--- Aim of the exercise ---
Nothing but the lines below between the line holding "79.6a11.3 11.3 0" and the line holding "132.8l37.6 37.6M210.8 133.6v12.7h12.7M243.7", inclusive, should appear in the answer, each set down exactly.
+-------+
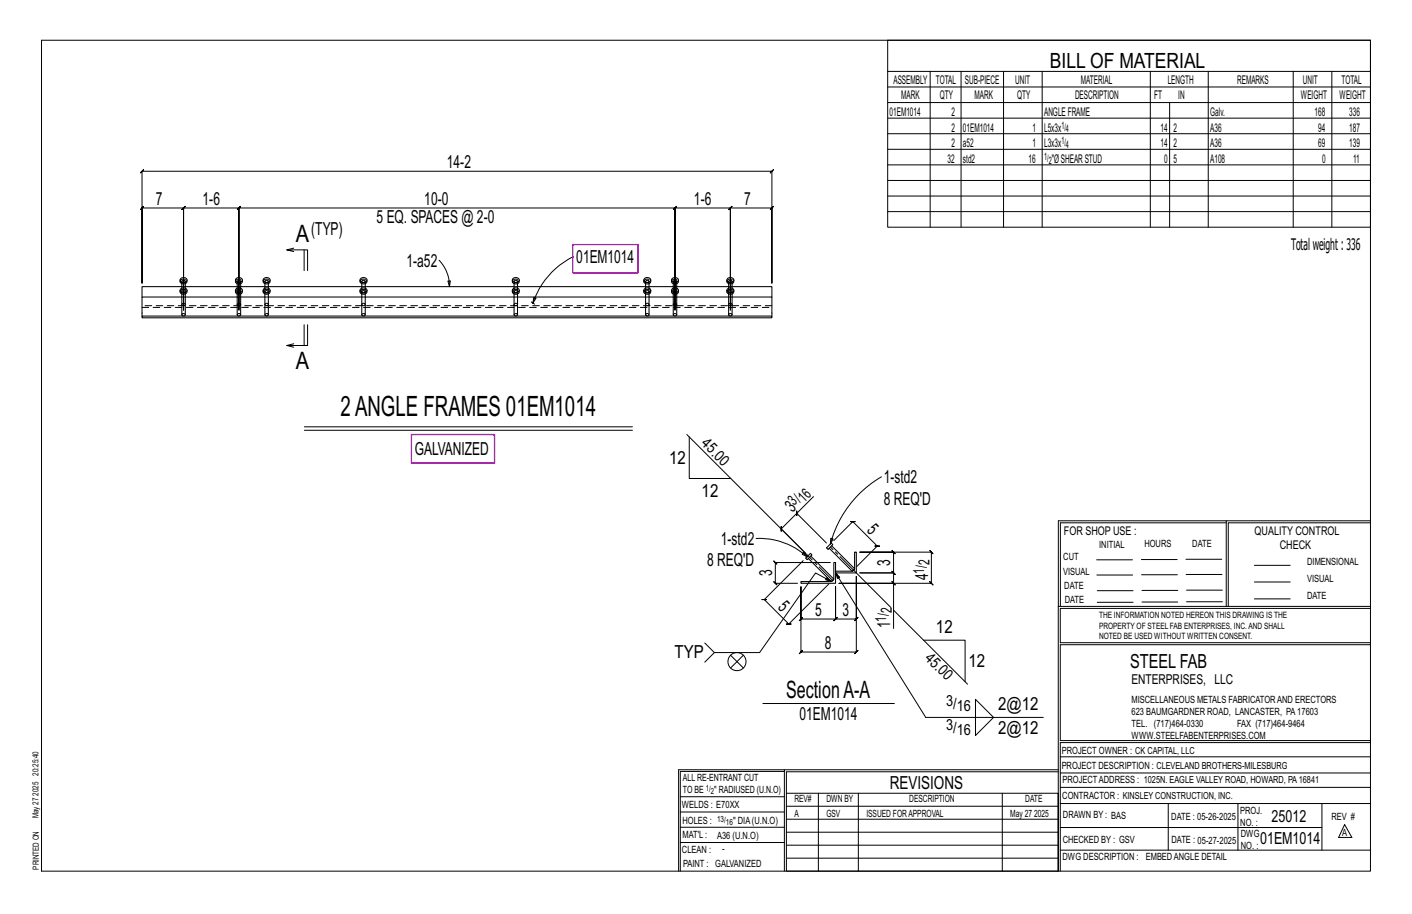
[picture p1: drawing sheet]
<svg xmlns="http://www.w3.org/2000/svg" width="432mm" height="279mm" viewBox="0 0 432 279" stroke-linecap="round" stroke-linejoin="round" font-family="sans-serif">
<g fill="none" stroke="#000" stroke-width=".31">
<path d="M12.7 12.3h406.4v254h-406.4zM271.5 12.3h147.6v57.2h-147.6zM271.5 21.8h147.6M271.5 26.6h147.6M271.5 31.4h147.6M271.5 36.1h147.6M284.5 21.8v47.7M293.9 21.8v47.7M306.9 21.8v47.7M318.7 21.8v47.7M351.8 21.8v47.7M357.7 31.4v38.1"/>
<path d="M369.5 21.8v47.7M395.5 21.8v47.7M407.3 21.8v47.7M43.4 52.4l-.5 .5 1-1-.5 .5h192.7l-.5 .5 1-1-.5 .5v34.2v-23l.5-.5-1 1 .5-.5h-12.7l.5-.5-1 1 .5-.5v31.2v-31.2l.5-.5-1 1 .5-.5h-17l.5-.5-1 1 .5-.5v31.2v-31.2l.5-.5-1 1 .5-.5h-133.3l.5-.5-1 1 .5-.5v31.2v-31.2l.5-.5-1 1 .5-.5h-17l.5-.5-1 1 .5-.5v31.2v-31.2l.5-.5-1 1 .5-.5h-12.7l.5-.5-1 1 .5-.5v23zM271.5 40.9h147.6M271.5 45.6h147.6M271.5 50.4h147.6M271.5 55.2h147.6M271.5 59.9h147.6M89.8 76.9l-2.1-.5h6.4v6.3M89.8 75.9l-2.1 .5M93 76.4v6.3"/>
<path d="M134.3 79.6a11.3 11.3 0 0 1 3.2 8M175.2 78.5a24.5 24.5 0 0 0-12.2 14.1M271.5 64.7h147.6M93 99.3v6.3M94.1 99.3v6.3h-6.4l2.1 .5M137 85.9h.7l-.2 1.7zM162.5 92.3l.5 .3M163 92.6l.4 .4M163.2 90.9l.7 .2-.9 1.5zM89.8 105.1l-2.1 .5M93.1 130.5h100.3M93.1 131.5h100.3"/>
<path d="M210 132.8l37.6 37.6M210.8 133.6v12.7h12.7M243.7 156.2v1.4zM243.7 156.9l-4.8 4.8v-.7v1.4v-.7l7.5 7.4M248.8 151.8l-5.1 5.1 9 9.1M269.5 145.8a33.7 33.7 0 0 0-15.6 20.5M375 159.8h-50.7v25.6M375 159.2h-51.3l-.1 107.1M419.1 159.2h-44.1v26.2M419.1 159.8h-43.5v25.6M231.2 164.6a21.7 21.7 0 0 1 15.7 5.6M244.9 179.4v9.8l-.5 .5 1-1-.5 .5h10.6l-.5 .5 1-1-.5 .5v-9.8v9.8l-.5 .5 1-1-.5 .5h6.4l-.5 .5 1-1-.5 .5v-13v23.1l.5-.5-1 1 .5-.5h-17l.5-.5-1 1 .5-.5z"/>
<path d="M245.6 171.4l-11.9 11.9h-.7h1.4h-.7l7.5 7.5h-.7h1.4h-.7l12.3-12.3M245.8 168.8l1.1 1.4-1.6-.8zM253.9 172h-16.8l-.5-.5 1 1-.5-.5v6.3l-.5-.5 1 1-.5-.5h6.8M254.1 164.5l.7 .2-.9 1.6zM254.2 177.7l-1.3-1.1-.4 .6 1.7 .5-4.8-2.5-17.1 24.3h-13.8l-3-2.9M255 165.3l5.8-5.9h-.7h1.4h-.7l7.5 7.5h-.7h1.4h-.7l-6.2 6.2M255.5 175.1l.6 1.7 .7-.4-1.3-1.3 27.6 44.2h35.9M261 174.2l11.4 11.5M272.8 177.8l1 1zM273.3 178.3v-3.2l.5 .5-1-1 .5 .5h-10.4h10.4l.5 .5-1-1 .5 .5v-6.3l.5 .5-1-1 .5 .5h-10.4h21.9l-.5-.5 1 1-.5-.5v9.5l-.5-.5 1 1-.5-.5h-28.2h16.7v13.8M335.4 171.1h10.9M335.4 175.8h11"/>
<path d="M349 171h11M349.1 175.7h11M362.7 171h10.9M362.7 175.6h11M383.6 172.8h11M383.6 177.9h11M218.5 199.5l-3 2.9M273.3 186.5l22.6 22.6M282.4 195.7h12.7v12.7M323.7 185.4h95.4M335.5 184.1h11M335.5 180.6h11"/>
<path d="M349.2 184h11M349.2 180.5h11M362.9 180.4h10.9M362.9 184h10.9M383.6 183.1h11M419.1 186h-94.9v10.5h94.9M419.1 197.1h-94.9v29.3h94.9v.6h-94.9v39.3M223.4 200.3l2 2 1.9-2M223.4 204.2l2-1.9 1.9 1.9M233.3 215.1h40.2M298.3 213.8l5.5 5.5-5.5 5.5zM239.9 235.8h-31.9v30.5"/>
<path d="M239.9 235.3h-32.4v31M323.6 235.3h-83.7v31M323.6 235.9h-83.1v6.6M324.2 236.3h94.9M324.2 231.4h94.9M208 252.9h31.9M208 257.5h31.9M208 243.6h31.9M208 248.2h31.9M240.5 242.5h83.1v23.8h-83.1zM240.5 258.4h83.1M240.5 254.4h83.1"/>
<path d="M240.5 250.4h83.1M240.5 246.5h83.1M250.3 242.5v23.8M262.5 242.5v23.8M306.5 242.5v23.8M324.2 253h80.1M324.2 245.6h94.9M324.2 259.9h94.9M324.2 240.7h94.9M357.3 245.6v14.3M378.6 245.6v14.3M404.3 245.6v14.3"/>
<path d="M411.2 252.1l2.2 3.9h-4zM240.5 262.3h83.1"/>
<circle cx="225.4" cy="202.3" r="2.77"/>
</g>
<path d="M175.2 74.8h19.9v8.6h-19.9zM125.8 132.9h25.5v8.6h-25.5z" fill="none" stroke="#f0f" stroke-width=".5"/>
<g fill="none" stroke="#000" stroke-width=".32">
<path d="M43.4 96.6h192.7v.5h-192.7zM55.1 88.7a1.07 1.07 0 0 0 1 1.3 1.07 1.07 0 0 0 1.1-1.3M55.1 85.6a1.07 1.07 0 0 0 1 1.2 1.07 1.07 0 0 0 1.1-1.2M55.3 88.3a1.04 1.04 0 0 1 1.2-.3 1.04 1.04 0 0 1 .6 1 1.07 1.07 0 0 1-1.2 .5 1.07 1.07 0 0 1-.8-1zM55.3 85.1a1.04 1.04 0 0 1 1.2-.3 1.04 1.04 0 0 1 .6 1 1.07 1.07 0 0 1-1.2 .5 1.07 1.07 0 0 1-.8-1zM55.6 90.8h-12.2v5.8M55.6 87.6h-12.2v3.2M55.6 89.9v6.3l.5 .4 .6-.4v-6.3M55.6 86.7v1.4M56.7 90.8h15.8M56.7 87.6h15.8M56.7 86.7v1.4"/>
<path d="M72 88.7a1.07 1.07 0 0 0 1.1 1.3 1.07 1.07 0 0 0 1-1.3M72 85.6a1.07 1.07 0 0 0 1.1 1.2 1.07 1.07 0 0 0 1-1.2M72.3 88.3a1.04 1.04 0 0 1 1.1-.3 1.04 1.04 0 0 1 .7 1 1.07 1.07 0 0 1-1.2 .5 1.07 1.07 0 0 1-.8-1zM72.3 85.1a1.04 1.04 0 0 1 1.1-.3 1.04 1.04 0 0 1 .7 1 1.07 1.07 0 0 1-1.2 .5 1.07 1.07 0 0 1-.8-1zM72.5 89.9v6.3l.6 .4 .5-.4v-6.3M72.5 86.7v1.4M73.6 90.8h7.4M73.6 87.6h7.4M73.6 86.7v1.4M80.5 88.7a1.07 1.07 0 0 0 1 1.3 1.07 1.07 0 0 0 1.1-1.3M80.5 85.6a1.07 1.07 0 0 0 1 1.2 1.07 1.07 0 0 0 1.1-1.2M80.7 88.3a1.04 1.04 0 0 1 1.2-.3 1.04 1.04 0 0 1 .6 1 1.07 1.07 0 0 1-1.2 .5 1.07 1.07 0 0 1-.8-1z"/>
<path d="M80.7 85.1a1.04 1.04 0 0 1 1.2-.3 1.04 1.04 0 0 1 .6 1 1.07 1.07 0 0 1-1.2 .5 1.07 1.07 0 0 1-.8-1zM81 89.9v6.3l.5 .4 .6-.4v-6.3M81 86.7v1.4M82.1 90.8h28.5M82.1 87.6h28.5M82.1 86.7v1.4M110.1 88.7a1.07 1.07 0 0 0 1.1 1.3 1.07 1.07 0 0 0 1-1.3M110.1 85.6a1.07 1.07 0 0 0 1.1 1.2 1.07 1.07 0 0 0 1-1.2M110.4 88.3a1.04 1.04 0 0 1 1.1-.3 1.04 1.04 0 0 1 .7 1 1.07 1.07 0 0 1-1.2 .5 1.07 1.07 0 0 1-.8-1zM110.4 85.1a1.04 1.04 0 0 1 1.1-.3 1.04 1.04 0 0 1 .7 1 1.07 1.07 0 0 1-1.2 .5 1.07 1.07 0 0 1-.8-1zM110.6 89.9v6.3l.6 .4 .5-.4v-6.3M110.6 86.7v1.4"/>
<path d="M111.7 90.8h45.5M111.7 87.6h45.5M111.7 86.7v1.4M156.7 88.7a1.07 1.07 0 0 0 1 1.3 1.07 1.07 0 0 0 1.1-1.3M156.7 85.6a1.07 1.07 0 0 0 1 1.2 1.07 1.07 0 0 0 1.1-1.2M156.9 88.3a1.04 1.04 0 0 1 1.2-.3 1.04 1.04 0 0 1 .6 1 1.07 1.07 0 0 1-1.2 .5 1.07 1.07 0 0 1-.8-1zM156.9 85.1a1.04 1.04 0 0 1 1.2-.3 1.04 1.04 0 0 1 .6 1 1.07 1.07 0 0 1-1.2 .5 1.07 1.07 0 0 1-.8-1zM157.2 89.9v6.3l.5 .4 .6-.4v-6.3M157.2 86.7v1.4M158.3 90.8h39.1M158.3 87.6h39.1M158.3 86.7v1.4"/>
<path d="M196.9 88.7a1.07 1.07 0 0 0 1.1 1.3 1.07 1.07 0 0 0 1-1.3M196.9 85.6a1.07 1.07 0 0 0 1.1 1.2 1.07 1.07 0 0 0 1-1.2M197.1 88.3a1.04 1.04 0 0 1 1.2-.3 1.04 1.04 0 0 1 .6 1 1.07 1.07 0 0 1-1.1 .5 1.07 1.07 0 0 1-.8-1zM197.1 85.1a1.04 1.04 0 0 1 1.2-.3 1.04 1.04 0 0 1 .6 1 1.07 1.07 0 0 1-1.1 .5 1.07 1.07 0 0 1-.8-1zM197.4 89.9v6.3l.6 .4 .5-.4v-6.3M197.4 86.7v1.4M198.5 90.8h7.4M198.5 87.6h7.4M198.5 86.7v1.4M205.4 88.7a1.07 1.07 0 0 0 1 1.3 1.07 1.07 0 0 0 1.1-1.3M205.4 85.6a1.07 1.07 0 0 0 1 1.2 1.07 1.07 0 0 0 1.1-1.2M205.6 88.3a1.04 1.04 0 0 1 1.2-.3 1.04 1.04 0 0 1 .6 1 1.07 1.07 0 0 1-1.2 .5 1.07 1.07 0 0 1-.8-1z"/>
<path d="M205.6 85.1a1.04 1.04 0 0 1 1.2-.3 1.04 1.04 0 0 1 .6 1 1.07 1.07 0 0 1-1.2 .5 1.07 1.07 0 0 1-.8-1zM205.9 89.9v6.3l.5 .4 .5-.4v-6.3M205.9 86.7v1.4M206.9 90.8h15.9M206.9 87.6h15.9M206.9 86.7v1.4M222.3 88.7a1.07 1.07 0 0 0 1.1 1.3 1.07 1.07 0 0 0 1-1.3M222.3 85.6a1.07 1.07 0 0 0 1.1 1.2 1.07 1.07 0 0 0 1-1.2M222.5 88.3a1.04 1.04 0 0 1 1.2-.3 1.04 1.04 0 0 1 .6 1 1.07 1.07 0 0 1-1.1 .5 1.07 1.07 0 0 1-.8-1zM222.5 85.1a1.04 1.04 0 0 1 1.2-.3 1.04 1.04 0 0 1 .6 1 1.07 1.07 0 0 1-1.1 .5 1.07 1.07 0 0 1-.8-1zM222.8 89.9v6.3l.6 .4 .5-.4v-6.3M222.8 86.7v1.4"/>
<path d="M223.9 90.8h12.2v5.8M223.9 87.6h12.2v3.2M223.9 86.7v1.4M244.9 177.8h9.2a.93 .93 0 0 0 .9-.9v-4.9h.5v6.3h-10.6zM247.8 169.2l.5 .4-1.5 1.5-.4-.5zM248 170l7 7-.8 .7-7-7M252.7 167.5l1.5-1.5 .5 .5-1.5 1.5zM253.6 167.6l7 7M254.3 166.8l7 7.1-.7 .7M255.5 174.6h5a.79 .79 0 0 0 .8-.8v-5h.6v6.3h-6.4z"/>
</g>
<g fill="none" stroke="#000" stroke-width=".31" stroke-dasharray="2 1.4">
+-------+
--- Response below ---
<path d="M134.3 79.6a11.3 11.3 0 0 1 3.2 8M175.2 78.5a24.5 24.5 0 0 0-12.2 14.1M271.5 64.7h147.6M93 99.3v6.3M94.1 99.3v6.3h-6.4l2.1 .5M137 85.9h.7l-.2 1.7zM162.5 92.3l.5 .3M163 92.6l.4 .4M163.2 90.9l.7 .2-.9 1.5zM89.8 105.1l-2.1 .5M93.1 130.5h100.3M93.1 131.5h100.3"/>
<path d="M210 132.8l37.6 37.6M210.8 133.6v12.7h12.7M243.7 156.2v1.4zM243.7 156.9l-4.8 4.8v-.7v1.4v-.7l7.5 7.4M248.8 151.8l-5.1 5.1 9 9.1M269.5 145.8a33.7 33.7 0 0 0-15.6 20.5M375 159.8h-50.7v25.6M375 159.2h-51.3l-.1 107.1M419.1 159.2h-44.1v26.2M419.1 159.8h-43.5v25.6M231.2 164.6a21.7 21.7 0 0 1 15.7 5.6M244.9 179.4v9.8l-.5 .5 1-1-.5 .5h10.6l-.5 .5 1-1-.5 .5v-9.8v9.8l-.5 .5 1-1-.5 .5h6.4l-.5 .5 1-1-.5 .5v-13v23.1l.5-.5-1 1 .5-.5h-17l.5-.5-1 1 .5-.5z"/>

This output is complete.